Простили

Мой рассказ. Приятного прочтения, заранее спасибо за уделенные время и внимание. Опубликовано также здесь: [hide]http://www.proza.ru/2014/10/03/1268[/hide]— Вставай давай, алкаш, — гаркнула толстобокая дворничиха, подталкивая кого-то облезлой метлой. Тело в смятой дубленке оставалось недвижно; распластавшись на ступенях, объятых какой-то вязкой грязью, оно, тщедушное, глядело застывшими глазами в никуда. Человека этого звали Паша Ратеев. Из распахнувшейся двери показалась тонкая, дымчатого цвета физиономия соседки, раскрывшая синюшный свой рот в тупом удивлении:

— Ратеев…? Пашка!

И погрузилась в вой. С головы соседки слетела шапка, глупо брякнувшись на весь в черных прожилках кафель.

В квартире напротив в последний раз вздохнула мать Ратеева, и, выпучив глаза, умерла на просевшем диване в старой кухне.

— Пашка, слышишь, Паш! Зинка умирает! – взвыла синюшная соседка. — «Скорую»! Михайловна, беги звонить, чего ты стоишь? – и взвыла еще отчаяннее. Дворничиха, со всей силы швырнув метлу в лестничный пролет, убежала с грохотом вниз, ругаясь на чем свет стоит.

— До чего мать свою довел, гадёныш, — разнеслось эхом по лестнице, отскочив от взвизгнувшей двери.

Перед Ратеевым просияло на миг, возникнув из тьмы забвений, слезливое лицо его матери, каким он его запомнил. Шевельнуло сухими губами: «Хоть гробовые мои не пропей, Павел…» — и пропало навсегда. Так Паша ослеп, осенним промозглым утром, и весь мир – былой и настоящий — утонул в непонятной тьме.

Не видел Павел ни этих осенних похорон на Красненьком, ни своего убогого дальнейшего бытия, ни лиц. Видел только сны, порою путая пёстрые видения и безликую явь. Снилась – жизнь, и пробуждаясь, Павел умирал. Глаза его с каждым месяцем белели, будто заплывшие туманом.

Однажды, когда Ратеева накормили, как обычно, серые тощие ручонки какой-то горелой кашей, застывавшей на подбородке и пачкавшей простыни, под ладонь Ратеева кто-то подсунул теплую, только что издохшую кошку, пушистую и толстую. Ратеев просиял и прошамкал полубеззубым, перепачканным кашею ртом:

— Ушанка моя любимая, мне мать ее купила на десять лет… А она огромная, на вырост, сказали… Теперь-то я вырос, а?

— Вырос, вырос, — пискляво кто-то хихикнул и, помогая Ратееву нахлобучить на голову дохлую кошку, выводил его из парадной под руки во дворик, где пахло сыростью и дождем: начинался апрель. И, расплываясь в беззубой, почти детской улыбке, Ратеев пританцовывал на месте, напевая:

— Ва-ленки, вален-ки, ой да не подшиты, стареньки…

Заслышав хохот показавшихся в окошках баб, Ратеев начал петь и плясать в полную силу, пока дохлая кошка не свалилась с его головы. Сам же он поскользнулся на еще не оттаявшем склизком льду, упал наземь, в серую сырость, а горланить песню так и продолжил, пока не зашелся кашлем… Ратеев был счастлив.

Когда его оттащили обратно в белую, вонявшую хлоркой койку, Ратеев замолчал, поняв, что у него больше не осталось тела, ибо двигаться он не мог и тела не чувствовал. Перепугавшись, Ратеев возопил:

— Где мои руки-ноги, уроды?! Голова моя где?! Как я теперь шапку носить буду, ась?!!

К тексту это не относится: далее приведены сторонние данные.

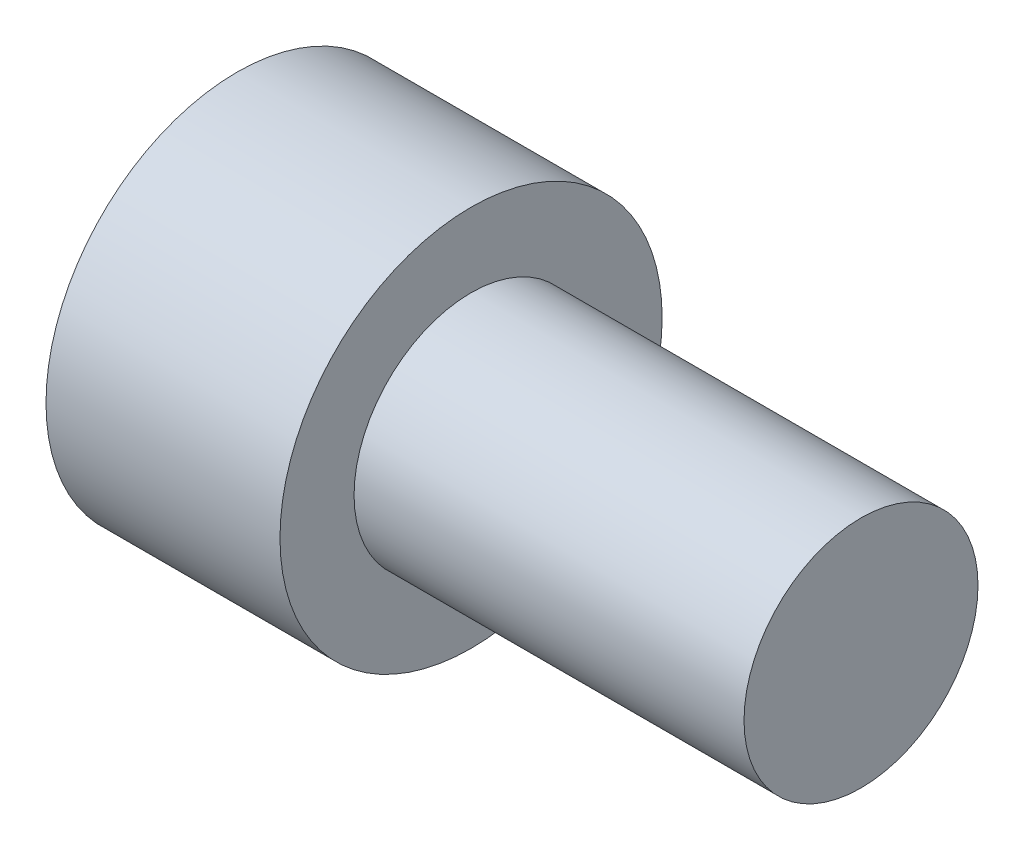
ISO-10303-21;
HEADER;
FILE_DESCRIPTION(('STEP AP214'),'2;1');
FILE_NAME('part.step','',(''),(''),'','','');
FILE_SCHEMA(('AUTOMOTIVE_DESIGN { 1 0 10303 214 1 1 1 1 }'));
ENDSEC;
DATA;
#1=APPLICATION_CONTEXT('core data for automotive mechanical design processes');
#2=APPLICATION_PROTOCOL_DEFINITION('international standard','automotive_design',2000,#1);
#3=PRODUCT_CONTEXT('',#1,'mechanical');
#4=PRODUCT('Part','Part','',(#3));
#5=PRODUCT_RELATED_PRODUCT_CATEGORY('part','',(#4));
#6=PRODUCT_DEFINITION_FORMATION('','',#4);
#7=PRODUCT_DEFINITION_CONTEXT('part definition',#1,'design');
#8=PRODUCT_DEFINITION('design','',#6,#7);
#9=PRODUCT_DEFINITION_SHAPE('','',#8);
#10=(LENGTH_UNIT() NAMED_UNIT(*) SI_UNIT(.MILLI.,.METRE.));
#11=(NAMED_UNIT(*) PLANE_ANGLE_UNIT() SI_UNIT($,.RADIAN.));
#12=(NAMED_UNIT(*) SI_UNIT($,.STERADIAN.) SOLID_ANGLE_UNIT());
#13=UNCERTAINTY_MEASURE_WITH_UNIT(LENGTH_MEASURE(1.E-05),#10,'distance_accuracy_value','');
#14=(GEOMETRIC_REPRESENTATION_CONTEXT(3) GLOBAL_UNCERTAINTY_ASSIGNED_CONTEXT((#13)) GLOBAL_UNIT_ASSIGNED_CONTEXT((#10,
#11,#12)) REPRESENTATION_CONTEXT('',''));
#15=CARTESIAN_POINT('',(0.,0.,0.));
#16=DIRECTION('',(0.,0.,1.));
#17=DIRECTION('',(1.,0.,0.));
#18=AXIS2_PLACEMENT_3D('',#15,#16,#17);
#19=CARTESIAN_POINT('',(19.05,0.,0.));
#20=DIRECTION('',(1.,0.,0.));
#21=DIRECTION('',(0.,0.,-1.));
#22=AXIS2_PLACEMENT_3D('',#19,#20,#21);
#23=PLANE('',#22);
#24=CARTESIAN_POINT('',(19.05,0.,0.));
#25=DIRECTION('',(-1.,0.,0.));
#26=DIRECTION('',(0.,0.,1.));
#27=AXIS2_PLACEMENT_3D('',#24,#25,#26);
#28=CIRCLE('',#27,15.5575);
#29=CARTESIAN_POINT('',(19.05,0.,15.5575));
#30=VERTEX_POINT('',#29);
#31=EDGE_CURVE('E41',#30,#30,#28,.T.);
#32=ORIENTED_EDGE('',*,*,#31,.F.);
#33=EDGE_LOOP('',(#32));
#34=FACE_BOUND('',#33,.T.);
#35=CARTESIAN_POINT('',(19.05,0.,0.));
#36=DIRECTION('',(1.,0.,0.));
#37=DIRECTION('',(0.,0.,-1.));
#38=AXIS2_PLACEMENT_3D('',#35,#36,#37);
#39=CIRCLE('',#38,9.525);
#40=CARTESIAN_POINT('',(19.05,0.,-9.525));
#41=VERTEX_POINT('',#40);
#42=EDGE_CURVE('E49',#41,#41,#39,.T.);
#43=ORIENTED_EDGE('',*,*,#42,.F.);
#44=EDGE_LOOP('',(#43));
#45=FACE_BOUND('',#44,.T.);
#46=ADVANCED_FACE('F34',(#34,#45),#23,.T.);
#47=CARTESIAN_POINT('',(0.,0.,0.));
#48=DIRECTION('',(-1.,0.,0.));
#49=DIRECTION('',(0.,0.,1.));
#50=AXIS2_PLACEMENT_3D('',#47,#48,#49);
#51=CYLINDRICAL_SURFACE('',#50,15.5575);
#52=ORIENTED_EDGE('',*,*,#31,.T.);
#53=EDGE_LOOP('',(#52));
#54=FACE_BOUND('',#53,.T.);
#55=CARTESIAN_POINT('',(0.,0.,0.));
#56=DIRECTION('',(-1.,0.,0.));
#57=DIRECTION('',(0.,0.,1.));
#58=AXIS2_PLACEMENT_3D('',#55,#56,#57);
#59=CIRCLE('',#58,15.5575);
#60=CARTESIAN_POINT('',(0.,0.,15.5575));
#61=VERTEX_POINT('',#60);
#62=EDGE_CURVE('E10',#61,#61,#59,.T.);
#63=ORIENTED_EDGE('',*,*,#62,.F.);
#64=EDGE_LOOP('',(#63));
#65=FACE_BOUND('',#64,.T.);
#66=ADVANCED_FACE('F36',(#54,#65),#51,.T.);
#67=CARTESIAN_POINT('',(0.,0.,0.));
#68=DIRECTION('',(-1.,0.,0.));
#69=DIRECTION('',(0.,0.,1.));
#70=AXIS2_PLACEMENT_3D('',#67,#68,#69);
#71=PLANE('',#70);
#72=ORIENTED_EDGE('',*,*,#62,.T.);
#73=EDGE_LOOP('',(#72));
#74=FACE_BOUND('',#73,.T.);
#75=ADVANCED_FACE('F63',(#74),#71,.T.);
#76=CARTESIAN_POINT('',(50.8,0.,0.));
#77=DIRECTION('',(-1.,0.,0.));
#78=DIRECTION('',(0.,0.,1.));
#79=AXIS2_PLACEMENT_3D('',#76,#77,#78);
#80=CYLINDRICAL_SURFACE('',#79,9.525);
#81=CARTESIAN_POINT('',(50.8,0.,0.));
#82=DIRECTION('',(1.,0.,0.));
#83=DIRECTION('',(0.,0.,-1.));
#84=AXIS2_PLACEMENT_3D('',#81,#82,#83);
#85=CIRCLE('',#84,9.525);
#86=CARTESIAN_POINT('',(50.8,0.,-9.525));
#87=VERTEX_POINT('',#86);
#88=EDGE_CURVE('E45',#87,#87,#85,.T.);
#89=ORIENTED_EDGE('',*,*,#88,.F.);
#90=EDGE_LOOP('',(#89));
#91=FACE_BOUND('',#90,.T.);
#92=ORIENTED_EDGE('',*,*,#42,.T.);
#93=EDGE_LOOP('',(#92));
#94=FACE_BOUND('',#93,.T.);
#95=ADVANCED_FACE('F55',(#91,#94),#80,.T.);
#96=CARTESIAN_POINT('',(50.8,0.,0.));
#97=DIRECTION('',(1.,0.,0.));
#98=DIRECTION('',(0.,0.,-1.));
#99=AXIS2_PLACEMENT_3D('',#96,#97,#98);
#100=PLANE('',#99);
#101=ORIENTED_EDGE('',*,*,#88,.T.);
#102=EDGE_LOOP('',(#101));
#103=FACE_BOUND('',#102,.T.);
#104=ADVANCED_FACE('F70',(#103),#100,.T.);
#105=CLOSED_SHELL('',(#46,#66,#75,#95,#104));
#106=MANIFOLD_SOLID_BREP('B2',#105);
#107=ADVANCED_BREP_SHAPE_REPRESENTATION('',(#18,#106),#14);
#108=SHAPE_DEFINITION_REPRESENTATION(#9,#107);
ENDSEC;
END-ISO-10303-21;

В ответ только чуть скрипнуло окошко, да и сам Ратеев голоса своего не узнал. Кричал снова и снова и слышал только отчаянное, хриплое «Уаа, уааа!»; подумалось Ратееву: «Вот меня и не осталось… А что же осталось?!», и заплакал Ратеев. Вдруг почудилось ему, будто он съежился и летит куда-то прочь, сквозь все, что было и есть. Где-то над Ратеевым воссияло солнце, белое и холодное, похожее на электрическую лампу, и кто-то тихо сказал ему лишь одно:

— Тебя простили.

Завопил Ратеев…

Лучи холодного белого солнца окутали гулкие ратеевские вопли, и – липкий от крови – Ратеев снова родился.

Больше он никогда не вспоминал ни об ушанке, ни о похоронах на Красненьком, так и не увиденных, ни о горелой каше, ни о песнях.